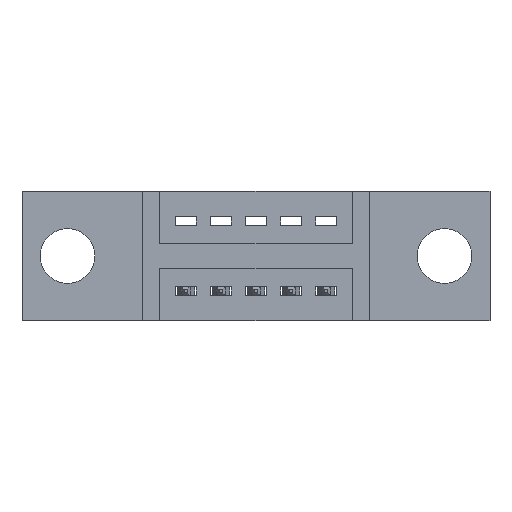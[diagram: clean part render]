
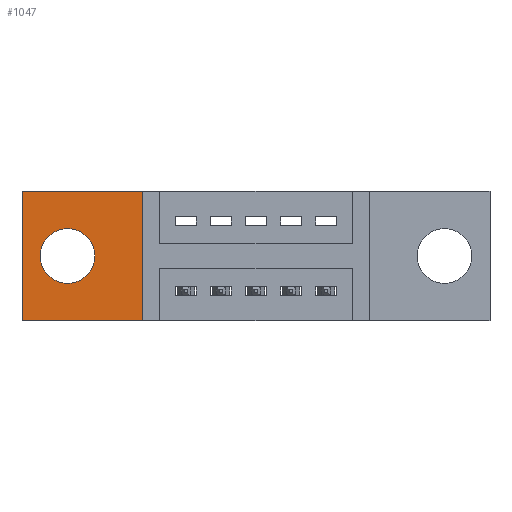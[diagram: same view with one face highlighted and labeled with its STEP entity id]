
A CAD part, front view. The second image highlights one B-rep face of the part: STEP entity #1047.
In plain terms, the highlighted planar face has unit normal (0, -1, 0).
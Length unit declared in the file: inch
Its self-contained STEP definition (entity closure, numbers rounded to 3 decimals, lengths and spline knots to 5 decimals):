
#257 = CIRCLE ( 'NONE', #2262, 0.078 ) ;
#276 = EDGE_CURVE ( 'NONE', #4539, #8290, #7771, .T. ) ;
#394 = VERTEX_POINT ( 'NONE', #4580 ) ;
#573 = FACE_OUTER_BOUND ( 'NONE', #2553, .T. ) ;
#941 = DIRECTION ( 'NONE',  ( -1., 0., 0. ) ) ;
#957 = EDGE_CURVE ( 'NONE', #4929, #394, #257, .T. ) ;
#1047 = ADVANCED_FACE ( 'NONE', ( #6899, #573 ), #6828, .T. ) ;
#1306 = CARTESIAN_POINT ( 'NONE',  ( 0.13, 0.17, -0.185 ) ) ;
#1385 = DIRECTION ( 'NONE',  ( 0., 0., 1. ) ) ;
#1405 = CARTESIAN_POINT ( 'NONE',  ( 0., 0.17, -0.37 ) ) ;
#1478 = CARTESIAN_POINT ( 'NONE',  ( 0., 0.17, 0. ) ) ;
#1729 = DIRECTION ( 'NONE',  ( 1., 0., 0. ) ) ;
#1828 = VERTEX_POINT ( 'NONE', #8216 ) ;
#1973 = CARTESIAN_POINT ( 'NONE',  ( 0., 0.17, 0. ) ) ;
#2034 = DIRECTION ( 'NONE',  ( 0., -1., 0. ) ) ;
#2063 = AXIS2_PLACEMENT_3D ( 'NONE', #1306, #2034, #6825 ) ;
#2262 = AXIS2_PLACEMENT_3D ( 'NONE', #8084, #2614, #6683 ) ;
#2553 = EDGE_LOOP ( 'NONE', ( #7649, #8466, #8158, #4340 ) ) ;
#2614 = DIRECTION ( 'NONE',  ( 0., -1., 0. ) ) ;
#2846 = AXIS2_PLACEMENT_3D ( 'NONE', #1405, #3360, #5383 ) ;
#3050 = CARTESIAN_POINT ( 'NONE',  ( 0., 0.17, -0.37 ) ) ;
#3360 = DIRECTION ( 'NONE',  ( 0., -1., 0. ) ) ;
#3417 = CARTESIAN_POINT ( 'NONE',  ( 0., 0.17, 0. ) ) ;
#4239 = VERTEX_POINT ( 'NONE', #5017 ) ;
#4340 = ORIENTED_EDGE ( 'NONE', *, *, #276, .T. ) ;
#4539 = VERTEX_POINT ( 'NONE', #8808 ) ;
#4580 = CARTESIAN_POINT ( 'NONE',  ( 0.13, 0.17, -0.107 ) ) ;
#4612 = EDGE_CURVE ( 'NONE', #394, #4929, #8253, .T. ) ;
#4929 = VERTEX_POINT ( 'NONE', #8529 ) ;
#4957 = VECTOR ( 'NONE', #1729, 39.37008 ) ;
#5017 = CARTESIAN_POINT ( 'NONE',  ( 0., 0.17, -0.37 ) ) ;
#5274 = LINE ( 'NONE', #5481, #8088 ) ;
#5383 = DIRECTION ( 'NONE',  ( 0., 0., -1. ) ) ;
#5434 = DIRECTION ( 'NONE',  ( 0., 0., -1. ) ) ;
#5479 = LINE ( 'NONE', #1973, #7528 ) ;
#5481 = CARTESIAN_POINT ( 'NONE',  ( 0.3425, 0.17, 0. ) ) ;
#6588 = VECTOR ( 'NONE', #941, 39.37008 ) ;
#6683 = DIRECTION ( 'NONE',  ( 0., 0., -1. ) ) ;
#6819 = ORIENTED_EDGE ( 'NONE', *, *, #4612, .F. ) ;
#6825 = DIRECTION ( 'NONE',  ( 0., 0., -1. ) ) ;
#6828 = PLANE ( 'NONE',  #2846 ) ;
#6867 = EDGE_CURVE ( 'NONE', #4239, #1828, #7106, .T. ) ;
#6899 = FACE_BOUND ( 'NONE', #7347, .T. ) ;
#7106 = LINE ( 'NONE', #3050, #4957 ) ;
#7347 = EDGE_LOOP ( 'NONE', ( #6819, #8788 ) ) ;
#7528 = VECTOR ( 'NONE', #5434, 39.37008 ) ;
#7626 = EDGE_CURVE ( 'NONE', #8290, #4239, #5479, .T. ) ;
#7649 = ORIENTED_EDGE ( 'NONE', *, *, #7626, .T. ) ;
#7771 = LINE ( 'NONE', #3417, #6588 ) ;
#8084 = CARTESIAN_POINT ( 'NONE',  ( 0.13, 0.17, -0.185 ) ) ;
#8088 = VECTOR ( 'NONE', #1385, 39.37008 ) ;
#8158 = ORIENTED_EDGE ( 'NONE', *, *, #8256, .T. ) ;
#8216 = CARTESIAN_POINT ( 'NONE',  ( 0.3425, 0.17, -0.37 ) ) ;
#8253 = CIRCLE ( 'NONE', #2063, 0.078 ) ;
#8256 = EDGE_CURVE ( 'NONE', #1828, #4539, #5274, .T. ) ;
#8290 = VERTEX_POINT ( 'NONE', #1478 ) ;
#8466 = ORIENTED_EDGE ( 'NONE', *, *, #6867, .T. ) ;
#8529 = CARTESIAN_POINT ( 'NONE',  ( 0.13, 0.17, -0.263 ) ) ;
#8788 = ORIENTED_EDGE ( 'NONE', *, *, #957, .F. ) ;
#8808 = CARTESIAN_POINT ( 'NONE',  ( 0.3425, 0.17, 0. ) ) ;

○ ○ ○ ○

▸ Problem requirements
The entries above should be retyped word for word, with all pictures omitted.

▸ Result below
[diagram: clean part render]
[diagram: same view with one face highlighted and labeled with its STEP entity id]
A CAD part, front view. The second image highlights one B-rep face of the part: STEP entity #1047.
In plain terms, the highlighted planar face has unit normal (0, -1, 0).
Length unit declared in the file: inch
Its self-contained STEP definition (entity closure, numbers rounded to 3 decimals, lengths and spline knots to 5 decimals):
#257 = CIRCLE ( 'NONE', #2262, 0.078 ) ;
#276 = EDGE_CURVE ( 'NONE', #4539, #8290, #7771, .T. ) ;
#394 = VERTEX_POINT ( 'NONE', #4580 ) ;
#573 = FACE_OUTER_BOUND ( 'NONE', #2553, .T. ) ;
#941 = DIRECTION ( 'NONE',  ( -1., 0., 0. ) ) ;
#957 = EDGE_CURVE ( 'NONE', #4929, #394, #257, .T. ) ;
#1047 = ADVANCED_FACE ( 'NONE', ( #6899, #573 ), #6828, .T. ) ;
#1306 = CARTESIAN_POINT ( 'NONE',  ( 0.13, 0.17, -0.185 ) ) ;
#1385 = DIRECTION ( 'NONE',  ( 0., 0., 1. ) ) ;
#1405 = CARTESIAN_POINT ( 'NONE',  ( 0., 0.17, -0.37 ) ) ;
#1478 = CARTESIAN_POINT ( 'NONE',  ( 0., 0.17, 0. ) ) ;
#1729 = DIRECTION ( 'NONE',  ( 1., 0., 0. ) ) ;
#1828 = VERTEX_POINT ( 'NONE', #8216 ) ;
#1973 = CARTESIAN_POINT ( 'NONE',  ( 0., 0.17, 0. ) ) ;
#2034 = DIRECTION ( 'NONE',  ( 0., -1., 0. ) ) ;
#2063 = AXIS2_PLACEMENT_3D ( 'NONE', #1306, #2034, #6825 ) ;
#2262 = AXIS2_PLACEMENT_3D ( 'NONE', #8084, #2614, #6683 ) ;
#2553 = EDGE_LOOP ( 'NONE', ( #7649, #8466, #8158, #4340 ) ) ;
#2614 = DIRECTION ( 'NONE',  ( 0., -1., 0. ) ) ;
#2846 = AXIS2_PLACEMENT_3D ( 'NONE', #1405, #3360, #5383 ) ;
#3050 = CARTESIAN_POINT ( 'NONE',  ( 0., 0.17, -0.37 ) ) ;
#3360 = DIRECTION ( 'NONE',  ( 0., -1., 0. ) ) ;
#3417 = CARTESIAN_POINT ( 'NONE',  ( 0., 0.17, 0. ) ) ;
#4239 = VERTEX_POINT ( 'NONE', #5017 ) ;
#4340 = ORIENTED_EDGE ( 'NONE', *, *, #276, .T. ) ;
#4539 = VERTEX_POINT ( 'NONE', #8808 ) ;
#4580 = CARTESIAN_POINT ( 'NONE',  ( 0.13, 0.17, -0.107 ) ) ;
#4612 = EDGE_CURVE ( 'NONE', #394, #4929, #8253, .T. ) ;
#4929 = VERTEX_POINT ( 'NONE', #8529 ) ;
#4957 = VECTOR ( 'NONE', #1729, 39.37008 ) ;
#5017 = CARTESIAN_POINT ( 'NONE',  ( 0., 0.17, -0.37 ) ) ;
#5274 = LINE ( 'NONE', #5481, #8088 ) ;
#5383 = DIRECTION ( 'NONE',  ( 0., 0., -1. ) ) ;
#5434 = DIRECTION ( 'NONE',  ( 0., 0., -1. ) ) ;
#5479 = LINE ( 'NONE', #1973, #7528 ) ;
#5481 = CARTESIAN_POINT ( 'NONE',  ( 0.3425, 0.17, 0. ) ) ;
#6588 = VECTOR ( 'NONE', #941, 39.37008 ) ;
#6683 = DIRECTION ( 'NONE',  ( 0., 0., -1. ) ) ;
#6819 = ORIENTED_EDGE ( 'NONE', *, *, #4612, .F. ) ;
#6825 = DIRECTION ( 'NONE',  ( 0., 0., -1. ) ) ;
#6828 = PLANE ( 'NONE',  #2846 ) ;
#6867 = EDGE_CURVE ( 'NONE', #4239, #1828, #7106, .T. ) ;
#6899 = FACE_BOUND ( 'NONE', #7347, .T. ) ;
#7106 = LINE ( 'NONE', #3050, #4957 ) ;
#7347 = EDGE_LOOP ( 'NONE', ( #6819, #8788 ) ) ;
#7528 = VECTOR ( 'NONE', #5434, 39.37008 ) ;
#7626 = EDGE_CURVE ( 'NONE', #8290, #4239, #5479, .T. ) ;
#7649 = ORIENTED_EDGE ( 'NONE', *, *, #7626, .T. ) ;
#7771 = LINE ( 'NONE', #3417, #6588 ) ;
#8084 = CARTESIAN_POINT ( 'NONE',  ( 0.13, 0.17, -0.185 ) ) ;
#8088 = VECTOR ( 'NONE', #1385, 39.37008 ) ;
#8158 = ORIENTED_EDGE ( 'NONE', *, *, #8256, .T. ) ;
#8216 = CARTESIAN_POINT ( 'NONE',  ( 0.3425, 0.17, -0.37 ) ) ;
#8253 = CIRCLE ( 'NONE', #2063, 0.078 ) ;
#8256 = EDGE_CURVE ( 'NONE', #1828, #4539, #5274, .T. ) ;
#8290 = VERTEX_POINT ( 'NONE', #1478 ) ;
#8466 = ORIENTED_EDGE ( 'NONE', *, *, #6867, .T. ) ;
#8529 = CARTESIAN_POINT ( 'NONE',  ( 0.13, 0.17, -0.263 ) ) ;
#8788 = ORIENTED_EDGE ( 'NONE', *, *, #957, .F. ) ;
#8808 = CARTESIAN_POINT ( 'NONE',  ( 0.3425, 0.17, 0. ) ) ;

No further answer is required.